FDA approves drug for Huntington's disease

8/15/2008

WASHINGTON The Food and Drug Administration has approved Prestwick Pharmaceuticals’ drug Xenazine for treating chorea in people with Huntington’s disease.

Chorea is the jerky, involuntary movement that occurs in people with this disease. Xenazine (tetrabenazine) is the first treatment of any kind approved in the United States for any symptom of Huntington’s disease.

Huntington's disease is a rare, inherited neurological disorder affecting about 1 in 10,000 people in the United States that results from genetically programmed degeneration of brain cells. It causes uncontrolled movements, loss of intellectual faculties and emotional disturbance.

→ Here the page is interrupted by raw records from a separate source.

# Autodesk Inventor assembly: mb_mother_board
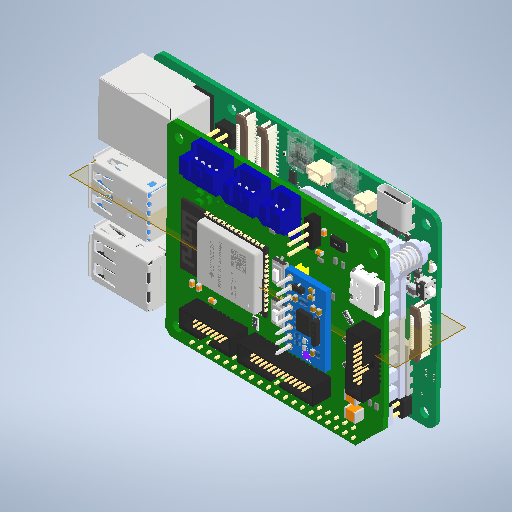
[picture p0: Inventor's stored thumbnail of the model, 512x512]
Saved by Autodesk Inventor 2025 (Build 290162000, 162)
## iProperties
Created: 2026-07-21
Part Number: mb_mother_board
Document SubType Name: Assembly
Designer: garin
Author: garin
## Documents named in this file (4)
- C:\Users\garin\Documents\Git\TheseusV2_Maze\Construction\Theseus_v2\mother_board\mb_mother_board.iam
- C:\Users\garin\Documents\Git\TheseusV2_Maze\Construction\Theseus_v2\mother_board\rpi-5b_no_graphics.ipt
- C:\Users\garin\Documents\Git\TheseusV2_Maze\Construction\Theseus_v2\mother_board\Heatsink+fan RPi-5.ipt
- C:\Users\garin\Documents\Git\TheseusV2_Maze\Schematic\TSE_mother_board\model\TSE_mother_board_final.iam
## Components (3 placed, 3 different names)
1. rpi-5b_no_graphics:1 — Совмещение:1, Совмещение:2, Угол:1, Совмещение:52, Совмещение:53, Совмещение:54
2. Heatsink+fan RPi-5:1 — Совмещение:1, Совмещение:2, Угол:1
3. TSE_mother_board_final:1 [sub-assembly] — Совмещение:52, Совмещение:53, Совмещение:54
## Relationships (6: Mate 5, Angle 1)
- Совмещение:1 [Mate]: rpi-5b_no_graphics:1 ↔ Heatsink+fan RPi-5:1
- Совмещение:2 [Mate]: rpi-5b_no_graphics:1 ↔ Heatsink+fan RPi-5:1
- Угол:1 [Angle] (0 deg): rpi-5b_no_graphics:1 ↔ Heatsink+fan RPi-5:1
- Совмещение:52 [Mate] (3 mm): rpi-5b_no_graphics:1 ↔ TSE_mother_board_final:1
- Совмещение:53 [Mate]: rpi-5b_no_graphics:1 ↔ TSE_mother_board_final:1
- Совмещение:54 [Mate]: rpi-5b_no_graphics:1 ↔ TSE_mother_board_final:1

Xenazine has been approved with a required risk evaluation and mitigation strategy, or REMS, to ensure that the drug’s benefits outweigh its risks, particularly depression and suicidal thoughts and actions. REMS is a strategy to manage a known or potential serious risk associated with a drug or biological product.

The REMS includes educational materials for prescribers, pharmacists, patients and caregivers to minimize harmful side effects. It also includes a medication guide, which informs patients and their caregivers about the risks of side effects. The FDA requires that the guide be handed out whenever the drug is dispensed.

About 30,000 people in the United States have Huntington’s disease, and another 200,000 are at risk of developing it.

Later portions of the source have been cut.